- MATERIAL SUPPLIED -
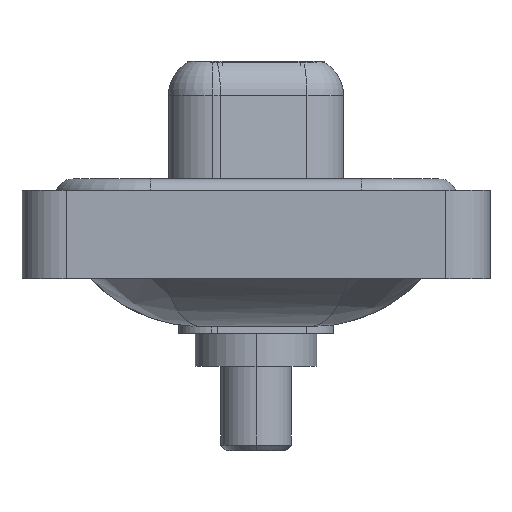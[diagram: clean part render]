
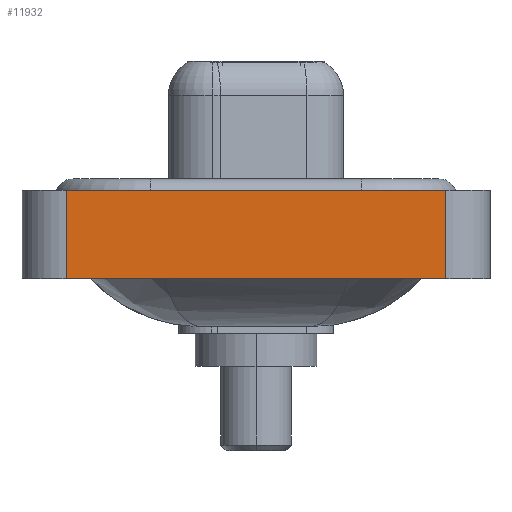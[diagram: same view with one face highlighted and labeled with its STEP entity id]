
A CAD part, left-side view. The second image highlights one B-rep face of the part: STEP entity #11932.
In plain terms, the highlighted planar face has unit normal (-1, 0, 0).
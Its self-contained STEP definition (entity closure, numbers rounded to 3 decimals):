
#86 = CARTESIAN_POINT ( 'NONE',  ( -7.25, 8.55, -3.6 ) ) ;
#1211 = CARTESIAN_POINT ( 'NONE',  ( -7.25, -8.55, -3.6 ) ) ;
#1379 = AXIS2_PLACEMENT_3D ( 'NONE', #11985, #12147, #8138 ) ;
#1410 = PLANE ( 'NONE',  #1379 ) ;
#2339 = LINE ( 'NONE', #7410, #3120 ) ;
#2602 = CARTESIAN_POINT ( 'NONE',  ( -7.25, 8.55, 0.4 ) ) ;
#2880 = FACE_OUTER_BOUND ( 'NONE', #4430, .T. ) ;
#2885 = EDGE_CURVE ( 'NONE', #15758, #6568, #2339, .T. ) ;
#3120 = VECTOR ( 'NONE', #10080, 1000. ) ;
#3306 = ORIENTED_EDGE ( 'NONE', *, *, #5400, .F. ) ;
#3496 = DIRECTION ( 'NONE',  ( 0., 0., 1. ) ) ;
#3816 = LINE ( 'NONE', #1211, #15305 ) ;
#4430 = EDGE_LOOP ( 'NONE', ( #13820, #9429, #3306, #10742 ) ) ;
#4999 = VECTOR ( 'NONE', #3496, 1000. ) ;
#5127 = DIRECTION ( 'NONE',  ( 0., -1., 0. ) ) ;
#5400 = EDGE_CURVE ( 'NONE', #14880, #15758, #11375, .T. ) ;
#6568 = VERTEX_POINT ( 'NONE', #7533 ) ;
#7410 = CARTESIAN_POINT ( 'NONE',  ( -7.25, -8.55, 0.4 ) ) ;
#7533 = CARTESIAN_POINT ( 'NONE',  ( -7.25, -8.55, 0.4 ) ) ;
#7567 = VERTEX_POINT ( 'NONE', #13232 ) ;
#8138 = DIRECTION ( 'NONE',  ( 0., 0., 1. ) ) ;
#9350 = VECTOR ( 'NONE', #5127, 1000. ) ;
#9429 = ORIENTED_EDGE ( 'NONE', *, *, #2885, .F. ) ;
#10080 = DIRECTION ( 'NONE',  ( 0., -1., 0. ) ) ;
#10742 = ORIENTED_EDGE ( 'NONE', *, *, #11902, .T. ) ;
#11293 = CARTESIAN_POINT ( 'NONE',  ( -7.25, 8.55, -3.6 ) ) ;
#11375 = LINE ( 'NONE', #11293, #4999 ) ;
#11637 = LINE ( 'NONE', #16829, #9350 ) ;
#11902 = EDGE_CURVE ( 'NONE', #14880, #7567, #11637, .T. ) ;
#11932 = ADVANCED_FACE ( 'NONE', ( #2880 ), #1410, .T. ) ;
#11985 = CARTESIAN_POINT ( 'NONE',  ( -7.25, -8.55, -3.6 ) ) ;
#12147 = DIRECTION ( 'NONE',  ( -1., 0., 0. ) ) ;
#13232 = CARTESIAN_POINT ( 'NONE',  ( -7.25, -8.55, -3.6 ) ) ;
#13820 = ORIENTED_EDGE ( 'NONE', *, *, #16069, .T. ) ;
#14880 = VERTEX_POINT ( 'NONE', #86 ) ;
#15305 = VECTOR ( 'NONE', #16894, 1000. ) ;
#15758 = VERTEX_POINT ( 'NONE', #2602 ) ;
#16069 = EDGE_CURVE ( 'NONE', #7567, #6568, #3816, .T. ) ;
#16829 = CARTESIAN_POINT ( 'NONE',  ( -7.25, -8.55, -3.6 ) ) ;
#16894 = DIRECTION ( 'NONE',  ( 0., 0., 1. ) ) ;

- PROBLEM DETAILS -
Only an exact copy of the lines from the top of the entries through the line with "#2602 = CARTESIAN_POINT", both included, should be given, with all pictures omitted.

- RESPONSE BOX -
[diagram: clean part render]
[diagram: same view with one face highlighted and labeled with its STEP entity id]
A CAD part, left-side view. The second image highlights one B-rep face of the part: STEP entity #11932.
In plain terms, the highlighted planar face has unit normal (-1, 0, 0).
Its self-contained STEP definition (entity closure, numbers rounded to 3 decimals):
#86 = CARTESIAN_POINT ( 'NONE',  ( -7.25, 8.55, -3.6 ) ) ;
#1211 = CARTESIAN_POINT ( 'NONE',  ( -7.25, -8.55, -3.6 ) ) ;
#1379 = AXIS2_PLACEMENT_3D ( 'NONE', #11985, #12147, #8138 ) ;
#1410 = PLANE ( 'NONE',  #1379 ) ;
#2339 = LINE ( 'NONE', #7410, #3120 ) ;
#2602 = CARTESIAN_POINT ( 'NONE',  ( -7.25, 8.55, 0.4 ) ) ;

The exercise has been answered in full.